• Instructions to follow: Copies of all lines containing the string "CIRCLE" are needed from the data below.

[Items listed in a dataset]
- - -

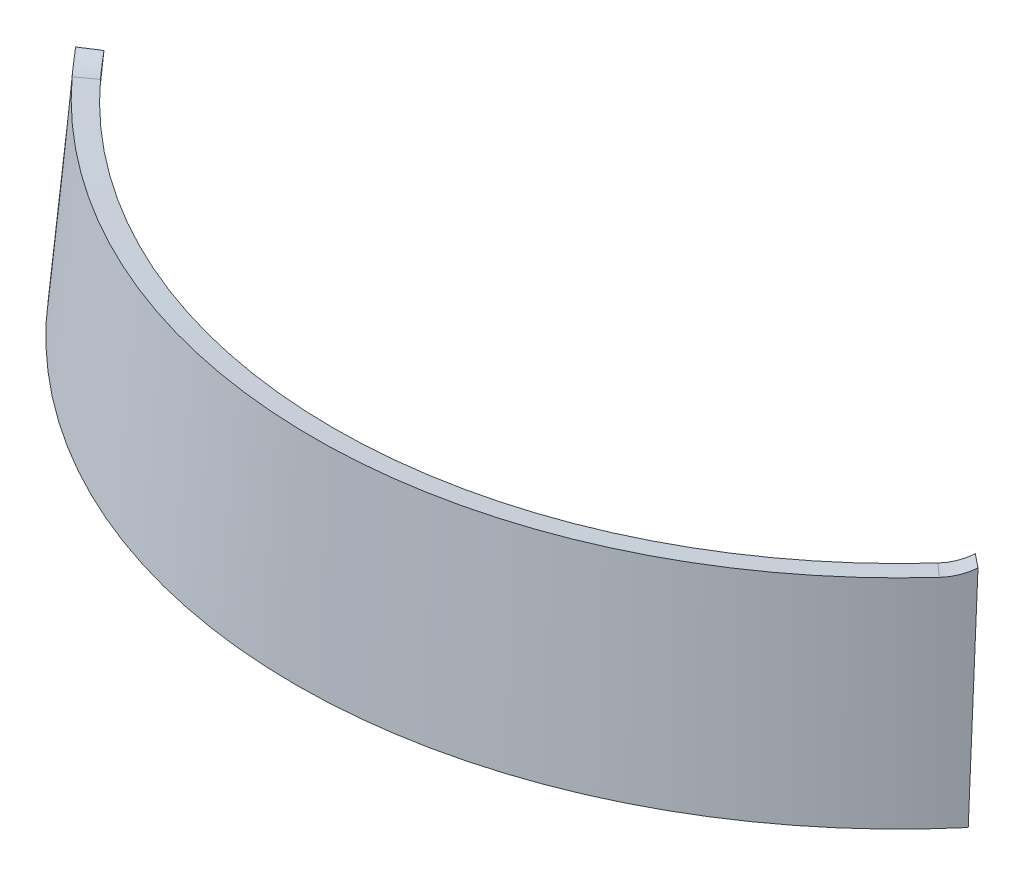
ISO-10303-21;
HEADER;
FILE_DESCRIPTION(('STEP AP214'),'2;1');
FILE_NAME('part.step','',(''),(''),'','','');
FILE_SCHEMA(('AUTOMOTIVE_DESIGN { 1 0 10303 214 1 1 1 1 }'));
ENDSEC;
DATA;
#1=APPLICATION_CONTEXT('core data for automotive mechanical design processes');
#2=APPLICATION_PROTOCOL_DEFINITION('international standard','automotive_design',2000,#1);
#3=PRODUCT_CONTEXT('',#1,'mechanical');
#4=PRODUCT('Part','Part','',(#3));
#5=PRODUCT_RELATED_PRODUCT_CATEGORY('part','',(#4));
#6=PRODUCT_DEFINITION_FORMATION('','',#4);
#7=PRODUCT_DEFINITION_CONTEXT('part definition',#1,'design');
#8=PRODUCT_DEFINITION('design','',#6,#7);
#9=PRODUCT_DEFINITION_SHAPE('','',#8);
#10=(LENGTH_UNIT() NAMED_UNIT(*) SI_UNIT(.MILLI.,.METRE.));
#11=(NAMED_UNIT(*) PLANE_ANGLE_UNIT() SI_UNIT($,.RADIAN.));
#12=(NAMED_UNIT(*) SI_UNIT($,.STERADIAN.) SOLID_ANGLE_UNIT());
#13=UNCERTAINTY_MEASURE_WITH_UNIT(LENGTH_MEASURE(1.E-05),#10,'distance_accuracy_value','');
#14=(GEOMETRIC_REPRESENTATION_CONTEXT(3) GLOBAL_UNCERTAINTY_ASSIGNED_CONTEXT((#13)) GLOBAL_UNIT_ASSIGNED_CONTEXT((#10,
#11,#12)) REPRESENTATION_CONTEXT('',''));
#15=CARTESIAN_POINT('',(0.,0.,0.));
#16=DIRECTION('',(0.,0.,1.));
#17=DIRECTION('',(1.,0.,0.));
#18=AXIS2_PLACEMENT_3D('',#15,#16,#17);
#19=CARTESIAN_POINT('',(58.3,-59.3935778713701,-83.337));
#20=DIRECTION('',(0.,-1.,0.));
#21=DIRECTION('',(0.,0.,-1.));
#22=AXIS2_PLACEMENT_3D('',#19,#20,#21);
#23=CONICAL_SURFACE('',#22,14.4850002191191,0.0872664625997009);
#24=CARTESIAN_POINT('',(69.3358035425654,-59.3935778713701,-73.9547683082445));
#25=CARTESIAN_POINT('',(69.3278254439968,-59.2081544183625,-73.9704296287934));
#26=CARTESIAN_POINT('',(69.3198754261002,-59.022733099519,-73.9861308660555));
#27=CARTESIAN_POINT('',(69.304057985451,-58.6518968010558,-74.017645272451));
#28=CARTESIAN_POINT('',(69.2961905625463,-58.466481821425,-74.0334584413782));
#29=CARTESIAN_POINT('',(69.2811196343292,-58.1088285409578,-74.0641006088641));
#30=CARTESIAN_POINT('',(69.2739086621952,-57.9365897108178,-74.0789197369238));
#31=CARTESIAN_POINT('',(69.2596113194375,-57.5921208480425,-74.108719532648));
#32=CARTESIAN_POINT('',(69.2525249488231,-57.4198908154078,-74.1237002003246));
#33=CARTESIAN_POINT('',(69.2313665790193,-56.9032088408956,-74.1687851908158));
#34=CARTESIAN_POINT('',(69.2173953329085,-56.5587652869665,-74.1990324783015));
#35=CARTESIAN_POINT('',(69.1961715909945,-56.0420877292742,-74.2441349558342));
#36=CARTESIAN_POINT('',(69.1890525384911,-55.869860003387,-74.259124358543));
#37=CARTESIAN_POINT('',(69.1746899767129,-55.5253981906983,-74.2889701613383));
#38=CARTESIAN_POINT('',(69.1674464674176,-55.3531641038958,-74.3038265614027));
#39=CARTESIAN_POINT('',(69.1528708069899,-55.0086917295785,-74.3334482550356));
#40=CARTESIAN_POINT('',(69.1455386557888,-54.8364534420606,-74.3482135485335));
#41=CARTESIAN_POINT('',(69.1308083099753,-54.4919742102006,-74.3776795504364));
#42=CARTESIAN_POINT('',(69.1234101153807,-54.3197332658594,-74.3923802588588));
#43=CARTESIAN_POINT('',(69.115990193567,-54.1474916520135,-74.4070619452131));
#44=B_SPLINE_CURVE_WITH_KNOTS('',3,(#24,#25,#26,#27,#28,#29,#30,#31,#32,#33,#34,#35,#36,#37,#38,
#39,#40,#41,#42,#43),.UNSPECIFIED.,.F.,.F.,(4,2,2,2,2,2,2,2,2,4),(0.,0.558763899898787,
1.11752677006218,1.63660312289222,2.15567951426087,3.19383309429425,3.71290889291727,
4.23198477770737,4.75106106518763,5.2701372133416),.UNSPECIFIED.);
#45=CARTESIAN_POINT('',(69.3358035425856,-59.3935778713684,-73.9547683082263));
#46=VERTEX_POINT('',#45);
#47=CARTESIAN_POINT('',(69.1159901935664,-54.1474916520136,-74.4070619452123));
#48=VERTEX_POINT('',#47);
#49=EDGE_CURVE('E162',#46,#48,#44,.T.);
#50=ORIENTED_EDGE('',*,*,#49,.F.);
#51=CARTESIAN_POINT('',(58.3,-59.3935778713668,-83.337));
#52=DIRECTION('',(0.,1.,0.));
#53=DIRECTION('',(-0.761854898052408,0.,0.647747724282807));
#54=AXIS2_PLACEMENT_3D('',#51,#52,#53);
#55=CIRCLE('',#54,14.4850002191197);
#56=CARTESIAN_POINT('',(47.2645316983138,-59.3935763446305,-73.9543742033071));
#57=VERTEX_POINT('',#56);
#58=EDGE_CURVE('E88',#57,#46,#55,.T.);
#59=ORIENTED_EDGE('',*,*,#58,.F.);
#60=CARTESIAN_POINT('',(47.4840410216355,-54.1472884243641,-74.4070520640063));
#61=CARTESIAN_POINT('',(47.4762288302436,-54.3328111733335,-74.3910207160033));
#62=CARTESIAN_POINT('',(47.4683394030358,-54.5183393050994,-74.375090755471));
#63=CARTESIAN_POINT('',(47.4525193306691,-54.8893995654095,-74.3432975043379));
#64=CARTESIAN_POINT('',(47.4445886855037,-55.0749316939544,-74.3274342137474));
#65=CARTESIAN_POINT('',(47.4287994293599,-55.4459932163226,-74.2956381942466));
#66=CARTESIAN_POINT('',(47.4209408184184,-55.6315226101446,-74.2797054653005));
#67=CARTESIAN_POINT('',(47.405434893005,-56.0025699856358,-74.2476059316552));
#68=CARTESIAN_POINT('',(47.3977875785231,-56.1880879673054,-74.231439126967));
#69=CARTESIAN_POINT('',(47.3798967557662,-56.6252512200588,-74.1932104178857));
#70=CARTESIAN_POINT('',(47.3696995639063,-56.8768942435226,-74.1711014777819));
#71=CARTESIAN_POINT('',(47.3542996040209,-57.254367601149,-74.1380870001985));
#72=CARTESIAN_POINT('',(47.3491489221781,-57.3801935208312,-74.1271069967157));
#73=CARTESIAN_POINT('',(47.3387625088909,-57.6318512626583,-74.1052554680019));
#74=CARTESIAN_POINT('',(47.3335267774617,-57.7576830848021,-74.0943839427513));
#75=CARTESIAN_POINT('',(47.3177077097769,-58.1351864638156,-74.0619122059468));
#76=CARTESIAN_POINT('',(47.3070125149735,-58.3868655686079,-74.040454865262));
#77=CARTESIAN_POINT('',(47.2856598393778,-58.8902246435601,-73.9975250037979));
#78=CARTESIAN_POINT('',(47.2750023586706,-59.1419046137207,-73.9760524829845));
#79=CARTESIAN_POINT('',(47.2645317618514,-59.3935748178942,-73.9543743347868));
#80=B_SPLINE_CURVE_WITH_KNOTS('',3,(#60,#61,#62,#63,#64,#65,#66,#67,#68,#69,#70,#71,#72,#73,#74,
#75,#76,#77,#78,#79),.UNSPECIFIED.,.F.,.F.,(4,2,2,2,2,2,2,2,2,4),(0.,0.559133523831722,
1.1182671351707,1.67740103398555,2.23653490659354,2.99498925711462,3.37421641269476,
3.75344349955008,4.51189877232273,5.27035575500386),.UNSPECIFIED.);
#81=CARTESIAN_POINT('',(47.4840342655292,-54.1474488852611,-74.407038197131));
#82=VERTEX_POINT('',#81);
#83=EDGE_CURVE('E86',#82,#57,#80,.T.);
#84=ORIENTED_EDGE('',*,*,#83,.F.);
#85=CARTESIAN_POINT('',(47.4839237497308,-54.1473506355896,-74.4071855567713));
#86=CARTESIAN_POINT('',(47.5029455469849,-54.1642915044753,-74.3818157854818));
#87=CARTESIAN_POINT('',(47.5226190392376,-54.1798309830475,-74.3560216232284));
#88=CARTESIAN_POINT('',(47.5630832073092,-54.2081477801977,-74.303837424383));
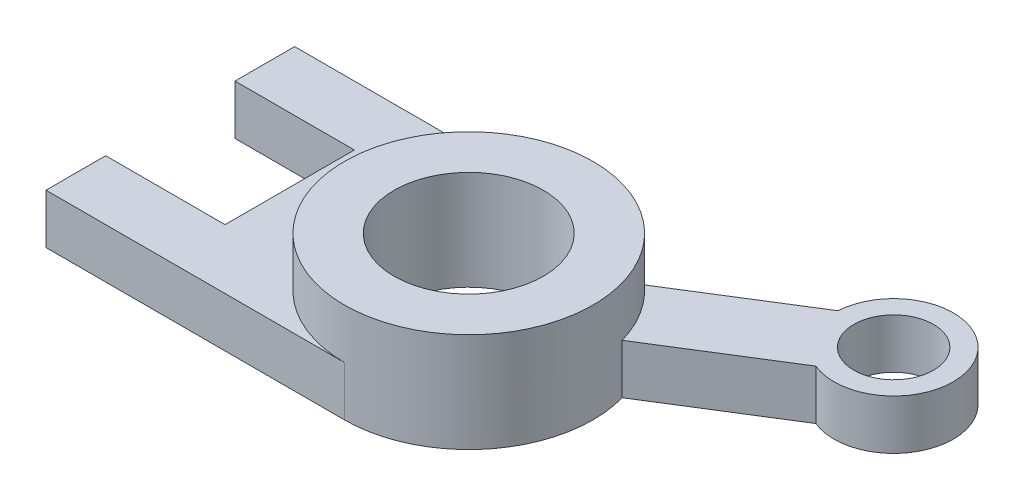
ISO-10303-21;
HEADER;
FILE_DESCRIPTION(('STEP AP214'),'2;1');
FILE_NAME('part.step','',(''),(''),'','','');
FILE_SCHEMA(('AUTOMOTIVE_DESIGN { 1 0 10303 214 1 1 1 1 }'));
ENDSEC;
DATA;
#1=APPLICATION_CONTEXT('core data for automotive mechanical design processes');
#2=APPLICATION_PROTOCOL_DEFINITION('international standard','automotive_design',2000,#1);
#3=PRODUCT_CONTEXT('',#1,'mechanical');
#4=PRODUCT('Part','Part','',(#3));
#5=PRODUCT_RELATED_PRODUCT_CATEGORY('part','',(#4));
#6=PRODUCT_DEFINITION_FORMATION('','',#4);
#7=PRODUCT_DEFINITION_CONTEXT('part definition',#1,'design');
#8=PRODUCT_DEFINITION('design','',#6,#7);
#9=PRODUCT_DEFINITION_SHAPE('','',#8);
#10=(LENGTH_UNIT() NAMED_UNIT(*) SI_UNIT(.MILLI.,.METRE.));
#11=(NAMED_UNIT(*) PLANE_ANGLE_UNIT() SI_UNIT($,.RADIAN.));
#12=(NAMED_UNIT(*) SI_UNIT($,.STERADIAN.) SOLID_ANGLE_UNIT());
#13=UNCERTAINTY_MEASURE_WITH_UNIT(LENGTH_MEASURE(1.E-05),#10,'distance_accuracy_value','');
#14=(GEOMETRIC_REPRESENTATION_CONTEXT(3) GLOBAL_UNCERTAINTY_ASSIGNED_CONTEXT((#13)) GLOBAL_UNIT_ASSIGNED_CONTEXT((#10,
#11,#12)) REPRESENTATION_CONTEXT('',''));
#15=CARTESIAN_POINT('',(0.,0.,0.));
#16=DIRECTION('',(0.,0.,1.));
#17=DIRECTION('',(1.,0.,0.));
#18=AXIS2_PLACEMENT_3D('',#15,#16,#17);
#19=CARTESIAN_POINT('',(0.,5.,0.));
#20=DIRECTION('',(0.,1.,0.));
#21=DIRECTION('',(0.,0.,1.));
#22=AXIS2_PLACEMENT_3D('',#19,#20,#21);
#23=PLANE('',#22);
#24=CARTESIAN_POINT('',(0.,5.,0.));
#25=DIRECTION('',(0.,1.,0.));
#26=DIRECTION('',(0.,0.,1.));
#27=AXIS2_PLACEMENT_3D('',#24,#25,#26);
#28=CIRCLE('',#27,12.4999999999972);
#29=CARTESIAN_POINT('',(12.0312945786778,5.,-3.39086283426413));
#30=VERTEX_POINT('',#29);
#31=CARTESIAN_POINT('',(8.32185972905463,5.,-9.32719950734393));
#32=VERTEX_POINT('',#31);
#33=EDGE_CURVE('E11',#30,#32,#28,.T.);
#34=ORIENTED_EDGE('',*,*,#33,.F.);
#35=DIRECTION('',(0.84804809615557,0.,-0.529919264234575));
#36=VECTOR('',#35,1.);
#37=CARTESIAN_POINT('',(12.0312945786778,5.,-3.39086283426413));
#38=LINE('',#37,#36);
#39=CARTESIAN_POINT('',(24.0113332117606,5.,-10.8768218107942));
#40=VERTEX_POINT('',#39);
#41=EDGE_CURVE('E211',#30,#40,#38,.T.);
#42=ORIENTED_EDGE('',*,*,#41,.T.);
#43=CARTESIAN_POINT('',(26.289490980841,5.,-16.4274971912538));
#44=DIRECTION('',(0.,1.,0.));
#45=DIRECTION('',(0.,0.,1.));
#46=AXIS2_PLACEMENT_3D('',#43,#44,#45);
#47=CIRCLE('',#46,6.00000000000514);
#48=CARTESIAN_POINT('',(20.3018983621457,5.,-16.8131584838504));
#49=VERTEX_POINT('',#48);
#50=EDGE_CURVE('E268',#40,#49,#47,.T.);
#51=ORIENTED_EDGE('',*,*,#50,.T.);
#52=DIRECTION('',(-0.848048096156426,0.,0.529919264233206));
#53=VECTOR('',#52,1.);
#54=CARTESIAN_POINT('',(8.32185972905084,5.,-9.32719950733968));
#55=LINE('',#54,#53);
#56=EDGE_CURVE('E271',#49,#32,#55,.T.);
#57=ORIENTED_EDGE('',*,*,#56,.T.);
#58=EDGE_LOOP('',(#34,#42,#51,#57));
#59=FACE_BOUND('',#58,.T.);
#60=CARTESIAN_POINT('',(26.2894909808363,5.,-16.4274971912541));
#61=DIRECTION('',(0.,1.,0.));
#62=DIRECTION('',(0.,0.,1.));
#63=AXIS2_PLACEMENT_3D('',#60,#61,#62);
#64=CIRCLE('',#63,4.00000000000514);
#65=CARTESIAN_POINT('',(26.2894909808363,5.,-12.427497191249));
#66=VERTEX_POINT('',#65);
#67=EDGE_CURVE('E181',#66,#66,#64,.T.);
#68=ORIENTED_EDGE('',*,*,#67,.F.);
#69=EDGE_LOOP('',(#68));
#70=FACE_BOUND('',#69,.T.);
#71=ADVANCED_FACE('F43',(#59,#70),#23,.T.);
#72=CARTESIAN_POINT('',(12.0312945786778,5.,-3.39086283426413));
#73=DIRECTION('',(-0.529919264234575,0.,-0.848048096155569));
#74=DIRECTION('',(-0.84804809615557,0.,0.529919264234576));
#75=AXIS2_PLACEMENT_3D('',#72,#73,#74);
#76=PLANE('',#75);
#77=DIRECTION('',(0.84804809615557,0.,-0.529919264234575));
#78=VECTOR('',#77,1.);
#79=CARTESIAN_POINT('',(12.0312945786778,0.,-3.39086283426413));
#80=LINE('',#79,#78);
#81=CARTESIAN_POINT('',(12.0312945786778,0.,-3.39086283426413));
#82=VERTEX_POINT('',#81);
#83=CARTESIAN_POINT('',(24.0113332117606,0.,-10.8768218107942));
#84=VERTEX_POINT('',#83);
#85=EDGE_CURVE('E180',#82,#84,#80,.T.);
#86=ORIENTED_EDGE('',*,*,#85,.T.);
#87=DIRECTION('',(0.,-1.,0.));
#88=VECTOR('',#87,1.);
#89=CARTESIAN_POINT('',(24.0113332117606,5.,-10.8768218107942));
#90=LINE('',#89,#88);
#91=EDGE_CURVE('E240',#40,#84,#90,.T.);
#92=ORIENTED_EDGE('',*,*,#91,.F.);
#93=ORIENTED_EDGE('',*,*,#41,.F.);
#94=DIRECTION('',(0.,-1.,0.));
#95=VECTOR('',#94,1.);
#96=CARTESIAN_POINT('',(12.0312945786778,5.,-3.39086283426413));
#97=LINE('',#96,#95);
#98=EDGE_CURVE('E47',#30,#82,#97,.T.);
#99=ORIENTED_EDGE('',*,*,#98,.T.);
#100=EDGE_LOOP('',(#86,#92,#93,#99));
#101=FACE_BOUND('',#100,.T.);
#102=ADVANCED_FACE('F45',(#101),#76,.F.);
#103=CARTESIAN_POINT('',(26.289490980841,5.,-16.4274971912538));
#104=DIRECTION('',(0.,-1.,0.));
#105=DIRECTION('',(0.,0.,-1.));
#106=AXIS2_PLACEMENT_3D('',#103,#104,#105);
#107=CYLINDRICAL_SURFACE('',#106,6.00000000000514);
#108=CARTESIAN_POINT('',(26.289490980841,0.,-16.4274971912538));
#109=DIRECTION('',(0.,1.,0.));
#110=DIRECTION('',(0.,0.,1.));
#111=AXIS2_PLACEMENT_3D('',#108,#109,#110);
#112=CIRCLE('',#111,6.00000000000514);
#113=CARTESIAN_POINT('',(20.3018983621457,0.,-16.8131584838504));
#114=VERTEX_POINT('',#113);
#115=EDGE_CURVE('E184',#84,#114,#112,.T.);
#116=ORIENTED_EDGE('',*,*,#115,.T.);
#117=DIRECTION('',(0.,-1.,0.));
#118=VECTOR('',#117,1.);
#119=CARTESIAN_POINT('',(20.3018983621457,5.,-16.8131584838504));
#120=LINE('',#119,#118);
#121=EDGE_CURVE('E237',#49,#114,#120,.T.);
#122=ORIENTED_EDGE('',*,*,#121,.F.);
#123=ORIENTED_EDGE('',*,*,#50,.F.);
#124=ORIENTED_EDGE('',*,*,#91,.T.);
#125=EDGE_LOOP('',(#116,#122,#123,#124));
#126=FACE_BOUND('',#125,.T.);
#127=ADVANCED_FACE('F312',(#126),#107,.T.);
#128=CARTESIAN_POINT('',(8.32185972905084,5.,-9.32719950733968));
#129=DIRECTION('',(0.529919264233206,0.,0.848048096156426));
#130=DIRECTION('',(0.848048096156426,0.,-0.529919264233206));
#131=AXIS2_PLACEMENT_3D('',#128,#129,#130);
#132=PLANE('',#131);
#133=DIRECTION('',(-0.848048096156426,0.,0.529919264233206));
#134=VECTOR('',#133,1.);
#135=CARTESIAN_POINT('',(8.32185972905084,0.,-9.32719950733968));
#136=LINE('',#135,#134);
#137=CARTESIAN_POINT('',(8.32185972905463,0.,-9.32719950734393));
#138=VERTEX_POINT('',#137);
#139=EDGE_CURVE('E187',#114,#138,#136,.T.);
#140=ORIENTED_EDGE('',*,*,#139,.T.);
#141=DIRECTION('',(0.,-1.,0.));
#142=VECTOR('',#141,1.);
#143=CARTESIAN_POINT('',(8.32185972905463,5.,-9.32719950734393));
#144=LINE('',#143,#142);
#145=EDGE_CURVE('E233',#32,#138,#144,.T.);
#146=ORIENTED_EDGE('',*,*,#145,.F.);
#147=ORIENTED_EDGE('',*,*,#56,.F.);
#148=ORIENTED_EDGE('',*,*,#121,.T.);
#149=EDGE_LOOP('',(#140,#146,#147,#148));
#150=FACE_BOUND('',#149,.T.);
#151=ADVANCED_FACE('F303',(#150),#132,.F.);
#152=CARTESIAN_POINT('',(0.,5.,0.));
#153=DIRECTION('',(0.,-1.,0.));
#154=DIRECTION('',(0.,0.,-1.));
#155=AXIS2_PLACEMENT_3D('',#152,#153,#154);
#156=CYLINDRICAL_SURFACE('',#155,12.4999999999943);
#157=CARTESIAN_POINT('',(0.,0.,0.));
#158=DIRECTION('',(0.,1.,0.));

- - -

• Output for this exercise:
#55=CIRCLE('',#54,14.4850002191197);
#28=CIRCLE('',#27,12.4999999999972);
#47=CIRCLE('',#46,6.00000000000514);
#64=CIRCLE('',#63,4.00000000000514);
#112=CIRCLE('',#111,6.00000000000514);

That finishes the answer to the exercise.